Mit dem Dingi (Schlauchboot) geht’s an Land. Von exquisiten Privatinseln über kuriose Segler-Städtchen (Bequia), verlassene Filmkulissen (in der Wallilabou Bay drehte Johnny Depp Fluch der Karibik) bis hin zum quirligen Stadtleben in Georgetown sind die Landgänge sehr abwechslungsreich. Einen Cocktail zum Sonnenuntergang sollte man in keiner Bucht verpassen, ob in der edlen Piano Bar (Petit St. Vincent) oder der halbverfallenen Strandbar in der Piratenbucht: «Auch the paradise hat  problems»,  wie der Barbesitzer erzählt. 

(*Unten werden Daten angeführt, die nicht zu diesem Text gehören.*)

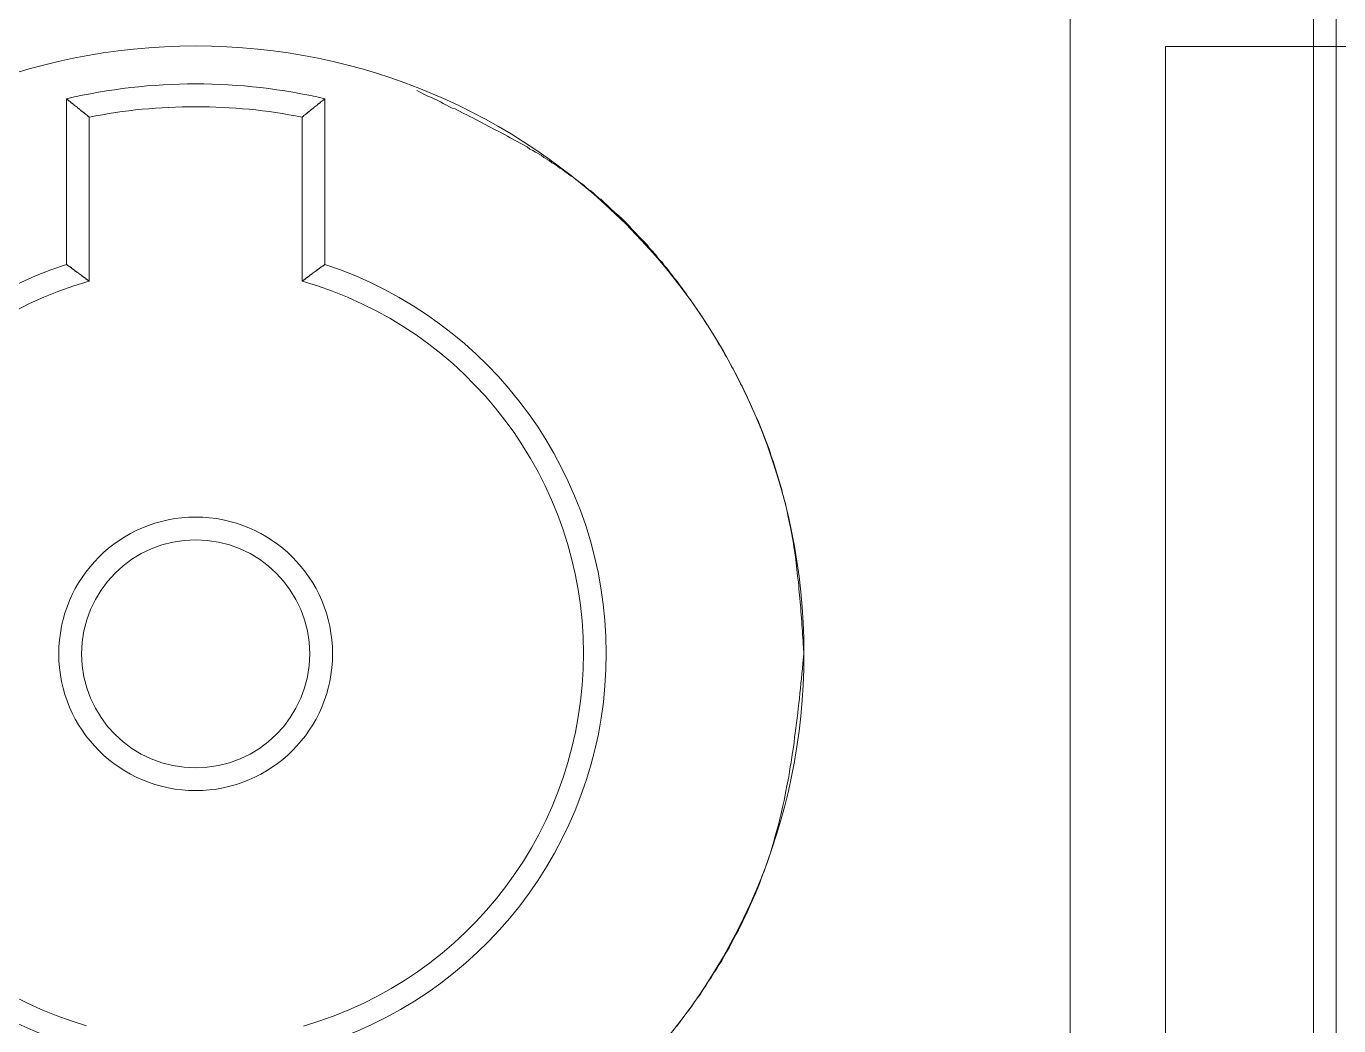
# Model space of a CAD drawing. Header units: millimetres. Extents: x 0 to 1975, y 0 to 1358.
# Drawn here: x 1096.72 to 1113.98, y 972.59 to 985.74 of the extents above; entities that cross this region are included whole.
import ezdxf

# ---------------------------------------------------------------- set-up
doc = ezdxf.new("R2010")
doc.units = ezdxf.units.MM
doc.layers.add('KASTEN', color=1, linetype='Continuous', lineweight=5)
doc.layers.add('KASTMACRO-DETAIL', color=1, linetype='Continuous', lineweight=5)

msp = doc.modelspace()

# ---------------------------------------------------------------- linework, layer by layer
at = {"layer": 'KASTEN', "linetype": 'Continuous', "ltscale": 4}
for p, q in [((1113.648, 962.491), (1113.648, 992.47)), ((1113.948, 992.419), (1113.948, 962.542)), ((1110.448, 964.464), (1110.448, 990.497)), ((1097.248, 984.785), (1097.248, 982.606)), ((1100.648, 982.606), (1100.648, 984.785)), ((1097.548, 984.543), (1097.548, 982.385)), ((1100.348, 982.385), (1100.348, 984.543))]:
    msp.add_line(p, q, dxfattribs=at)
for points in [[(1101.855, 984.893), (1102.011, 984.813), (1102.05, 984.803), (1102.167, 984.743), (1102.205, 984.723), (1102.322, 984.663), (1102.361, 984.653), (1102.399, 984.633), (1102.477, 984.593), (1102.515, 984.573), (1102.554, 984.553), (1102.592, 984.533), (1102.631, 984.513), (1102.707, 984.473), (1102.746, 984.453), (1102.898, 984.373), (1102.935, 984.353), (1103.011, 984.313), (1103.048, 984.293), (1103.086, 984.273), (1103.308, 984.153), (1103.345, 984.123), (1103.381, 984.103), (1103.418, 984.083), (1103.49, 984.043), (1103.526, 984.013), (1103.598, 983.973), (1103.633, 983.943), (1103.669, 983.923), (1103.704, 983.903), (1103.739, 983.873), (1103.774, 983.853), (1103.809, 983.823), (1103.843, 983.803), (1103.878, 983.773), (1103.912, 983.753), (1103.946, 983.723), (1103.98, 983.703), (1104.014, 983.673), (1104.047, 983.653), (1104.081, 983.623), (1104.114, 983.593), (1104.147, 983.573), (1104.18, 983.543), (1104.212, 983.513), (1104.245, 983.483), (1104.277, 983.463), (1104.405, 983.343), (1104.467, 983.283), (1104.498, 983.263), (1104.56, 983.203), (1104.59, 983.173), (1104.621, 983.143), (1104.651, 983.113), (1104.681, 983.073), (1104.711, 983.043), (1104.74, 983.013), (1104.77, 982.983), (1104.886, 982.863), (1104.914, 982.823), (1104.943, 982.793), (1104.999, 982.733), (1105.027, 982.693), (1105.055, 982.663), (1105.082, 982.633), (1105.109, 982.593), (1105.137, 982.563), (1105.164, 982.533), (1105.19, 982.493), (1105.217, 982.463), (1105.243, 982.423), (1105.27, 982.393), (1105.296, 982.363), (1105.322, 982.323), (1105.347, 982.293), (1105.373, 982.253), (1105.398, 982.223), (1105.423, 982.183), (1105.448, 982.153), (1105.498, 982.073), (1105.522, 982.043), (1105.547, 982.003), (1105.571, 981.973), (1105.595, 981.933), (1105.619, 981.903), (1105.642, 981.863), (1105.666, 981.823), (1105.689, 981.793), (1105.735, 981.713), (1105.758, 981.683), (1105.78, 981.643), (1105.803, 981.603), (1105.825, 981.563), (1105.847, 981.533), (1105.869, 981.493), (1105.89, 981.453), (1105.912, 981.413), (1105.933, 981.383), (1105.996, 981.263), (1106.016, 981.233), (1106.036, 981.193), (1106.057, 981.153), (1106.076, 981.113), (1106.116, 981.033), (1106.135, 981.003), (1106.173, 980.923), (1106.191, 980.883), (1106.21, 980.843), (1106.282, 980.683), (1106.316, 980.603), (1106.333, 980.573), (1106.35, 980.533), (1106.43, 980.333), (1106.49, 980.173), (1106.504, 980.133), (1106.518, 980.083), (1106.546, 980.003), (1106.598, 979.843), (1106.646, 979.683), (1106.657, 979.643), (1106.668, 979.593), (1106.679, 979.553), (1106.689, 979.513), (1106.7, 979.473), (1106.71, 979.433), (1106.719, 979.393), (1106.729, 979.353), (1106.738, 979.303), (1106.756, 979.223), (1106.772, 979.143), (1106.78, 979.093), (1106.788, 979.053), (1106.809, 978.933), (1106.815, 978.883), (1106.822, 978.843), (1106.84, 978.723), (1106.845, 978.673), (1106.85, 978.633), (1106.856, 978.593), (1106.861, 978.553), (1106.865, 978.503), (1106.875, 978.423), (1106.879, 978.383), (1106.883, 978.333), (1106.895, 978.213), (1106.899, 978.163), (1106.902, 978.123), (1106.906, 978.083), (1106.909, 978.033), (1106.913, 977.993), (1106.919, 977.913), (1106.922, 977.863), (1106.928, 977.783), (1106.931, 977.733), (1106.937, 977.653), (1106.939, 977.613), (1106.942, 977.563), (1106.948, 977.483)], [(1097.248, 984.783), (1097.257, 984.783), (1097.257, 984.773), (1097.269, 984.773), (1097.27, 984.763), (1097.281, 984.763), (1097.282, 984.753), (1097.295, 984.753), (1097.296, 984.743), (1097.306, 984.743), (1097.307, 984.733), (1097.319, 984.733), (1097.32, 984.723), (1097.331, 984.723), (1097.332, 984.713), (1097.344, 984.713), (1097.345, 984.703), (1097.356, 984.703), (1097.357, 984.693), (1097.369, 984.693), (1097.37, 984.683), (1097.381, 984.683), (1097.383, 984.673), (1097.393, 984.673), (1097.395, 984.663), (1097.407, 984.663), (1097.408, 984.653), (1097.419, 984.653), (1097.42, 984.643), (1097.431, 984.643), (1097.433, 984.633), (1097.443, 984.633), (1097.444, 984.623), (1097.455, 984.623), (1097.457, 984.613), (1097.468, 984.613), (1097.47, 984.603), (1097.48, 984.603), (1097.481, 984.593), (1097.493, 984.593), (1097.494, 984.583), (1097.504, 984.583), (1097.506, 984.573), (1097.517, 984.573), (1097.519, 984.563), (1097.529, 984.563), (1097.53, 984.553), (1097.541, 984.553), (1097.542, 984.543), (1097.548, 984.543)], [(1100.648, 984.783), (1100.639, 984.783), (1100.638, 984.773), (1100.626, 984.773), (1100.626, 984.763), (1100.614, 984.763), (1100.613, 984.753), (1100.601, 984.753), (1100.6, 984.743), (1100.589, 984.743), (1100.588, 984.733), (1100.577, 984.733), (1100.575, 984.723), (1100.564, 984.723), (1100.563, 984.713), (1100.552, 984.713), (1100.55, 984.703), (1100.54, 984.703), (1100.538, 984.693), (1100.527, 984.693), (1100.526, 984.683), (1100.514, 984.683), (1100.513, 984.673), (1100.502, 984.673), (1100.501, 984.663), (1100.489, 984.663), (1100.488, 984.653), (1100.477, 984.653), (1100.475, 984.643), (1100.464, 984.643), (1100.463, 984.633), (1100.453, 984.633), (1100.451, 984.623), (1100.44, 984.623), (1100.439, 984.613), (1100.427, 984.613), (1100.426, 984.603), (1100.416, 984.603), (1100.414, 984.593), (1100.403, 984.593), (1100.401, 984.583), (1100.391, 984.583), (1100.39, 984.573), (1100.378, 984.573), (1100.377, 984.563), (1100.367, 984.563), (1100.365, 984.553), (1100.355, 984.553), (1100.354, 984.543), (1100.348, 984.543)], [(1097.548, 982.383), (1097.544, 982.383), (1097.542, 982.393), (1097.531, 982.393), (1097.529, 982.403), (1097.517, 982.403), (1097.516, 982.413), (1097.504, 982.413), (1097.503, 982.423), (1097.491, 982.423), (1097.49, 982.433), (1097.478, 982.433), (1097.477, 982.443), (1097.463, 982.443), (1097.462, 982.453), (1097.451, 982.453), (1097.449, 982.463), (1097.436, 982.463), (1097.435, 982.473), (1097.424, 982.473), (1097.423, 982.483), (1097.41, 982.483), (1097.409, 982.493), (1097.397, 982.493), (1097.395, 982.503), (1097.382, 982.503), (1097.381, 982.513), (1097.369, 982.513), (1097.368, 982.523), (1097.356, 982.523), (1097.355, 982.533), (1097.342, 982.533), (1097.341, 982.543), (1097.328, 982.543), (1097.327, 982.553), (1097.315, 982.553), (1097.314, 982.563), (1097.301, 982.563), (1097.3, 982.573), (1097.287, 982.573), (1097.286, 982.583), (1097.273, 982.583), (1097.272, 982.593), (1097.259, 982.593), (1097.259, 982.603), (1097.248, 982.603)], [(1100.648, 982.603), (1100.637, 982.603), (1100.636, 982.593), (1100.623, 982.593), (1100.623, 982.583), (1100.61, 982.583), (1100.609, 982.573), (1100.596, 982.573), (1100.595, 982.563), (1100.582, 982.563), (1100.581, 982.553), (1100.568, 982.553), (1100.567, 982.543), (1100.555, 982.543), (1100.554, 982.533), (1100.541, 982.533), (1100.54, 982.523), (1100.527, 982.523), (1100.526, 982.513), (1100.514, 982.513), (1100.513, 982.503), (1100.5, 982.503), (1100.499, 982.493), (1100.487, 982.493), (1100.485, 982.483), (1100.473, 982.483), (1100.472, 982.473), (1100.46, 982.473), (1100.459, 982.463), (1100.446, 982.463), (1100.445, 982.453), (1100.433, 982.453), (1100.432, 982.443), (1100.419, 982.443), (1100.418, 982.433), (1100.406, 982.433), (1100.405, 982.423), (1100.393, 982.423), (1100.391, 982.413), (1100.379, 982.413), (1100.378, 982.403), (1100.366, 982.403), (1100.365, 982.393), (1100.353, 982.393), (1100.352, 982.383), (1100.348, 982.383)], [(1106.948, 977.483), (1106.935, 977.353), (1106.929, 977.283), (1106.922, 977.223), (1106.916, 977.153), (1106.909, 977.093), (1106.902, 977.023), (1106.895, 976.963), (1106.888, 976.893), (1106.881, 976.833), (1106.874, 976.763), (1106.867, 976.703), (1106.859, 976.633), (1106.851, 976.573), (1106.843, 976.503), (1106.835, 976.443), (1106.826, 976.383), (1106.818, 976.313), (1106.809, 976.253), (1106.799, 976.183), (1106.79, 976.123), (1106.78, 976.053), (1106.769, 975.993), (1106.759, 975.933), (1106.748, 975.863), (1106.724, 975.743), (1106.712, 975.673), (1106.686, 975.553), (1106.672, 975.483), (1106.644, 975.363), (1106.628, 975.293), (1106.613, 975.233), (1106.597, 975.173), (1106.58, 975.113), (1106.562, 975.053), (1106.544, 974.983), (1106.526, 974.923), (1106.507, 974.863), (1106.487, 974.803), (1106.424, 974.623), (1106.401, 974.563), (1106.378, 974.493), (1106.355, 974.433), (1106.33, 974.373), (1106.306, 974.313), (1106.28, 974.263), (1106.228, 974.143), (1106.201, 974.083), (1106.145, 973.963), (1106.087, 973.843), (1106.057, 973.793), (1106.026, 973.733), (1105.996, 973.673), (1105.964, 973.613), (1105.932, 973.563), (1105.9, 973.503), (1105.867, 973.443), (1105.833, 973.393), (1105.799, 973.333), (1105.765, 973.283), (1105.73, 973.223), (1105.695, 973.173), (1105.659, 973.113), (1105.623, 973.063), (1105.586, 973.003), (1105.549, 972.953), (1105.511, 972.903), (1105.473, 972.843), (1105.435, 972.793), (1105.396, 972.743), (1105.356, 972.693), (1105.317, 972.633), (1105.277, 972.583)]]:
    msp.add_lwpolyline(points, dxfattribs=at)
for radius in [8, 1.8, 1.5]:
    msp.add_circle((1098.948, 977.481), radius, dxfattribs=at)
for radius, start, end in [(7.5, 76.8991, 103.1009), (7.2, 78.7877, 101.2123), (5.4, 108.3496, 251.2544), (5.4, 288.5616, 71.6504), (5.1, 105.9328, 253.6464), (5.1, 286.1581, 74.0672)]:
    msp.add_arc((1098.948, 977.481), radius, start, end, dxfattribs=at)
at = {"layer": 'KASTMACRO-DETAIL', "lineweight": 0, "ltscale": 4}
msp.add_lwpolyline([(1111.704, 970.475), (1481.704, 970.475), (1481.704, 985.475), (1111.704, 985.475)], close=True, dxfattribs=at)

doc.saveas('drawing.dxf')

Davon merken wir natürlich wenig. Unsere Probleme haben sich reduziert: wohin segeln wir, was wird gegessen, was gelesen – den Alltag haben wir Seemeilen hinter uns gelassen. Beim Schnorcheln beobachten wir Schildkröten und neben dem Boot schwimmen Delfine. Zugegeben, etwas Geduld und Toleranz kann dennoch nicht schaden, denn egal ob mit Freunden oder Fremden, der Platz auf dem Boot ist beschränkt. Wer die Möglichkeit hat, sollte daher den Katamaran nicht voll besetzen. Denn so findet sich für jeden das passende Plätzchen. Vielleicht am Steuer, mit einem Buch auf der Liege oder direkt am Bug mit Aussicht auf das weite Meer. Übrigens, hier vergisst man fast alles, auch den flauen Magen zu Ferienbeginn. «

Linda Panchyrz


Das passende Boot

Die weltweit grössten Segelboot Companies sind Moorings, Sunsail und VPM-Bestsail (www.moorings.com, www.sunsail.com, www.vpm.fr). Sie bieten sowohl Bareboat- als auch Crewed-Charter an. Man kann hier also nur das Boot, oder gleich Skipper und Hostesse mitbuchen. Daneben gibt es viele kleinere Anbieter, die kommen und auch wieder gehen. Tiefere Kenntnis des Marktes haben Agenturen, die mehrere Chartercompanies vertreten und auch «Kojencharter» anbieten. Hierzu zählen zum Beispiel Ägäis-Yachting (www.aegaeis.ch), 4-Oceans (www.4-oceans.ch), Barone Yachting (www.barone.de), My Charter (www.mycharter.ch) oder Nautic Travel (www.nautictravel.ch).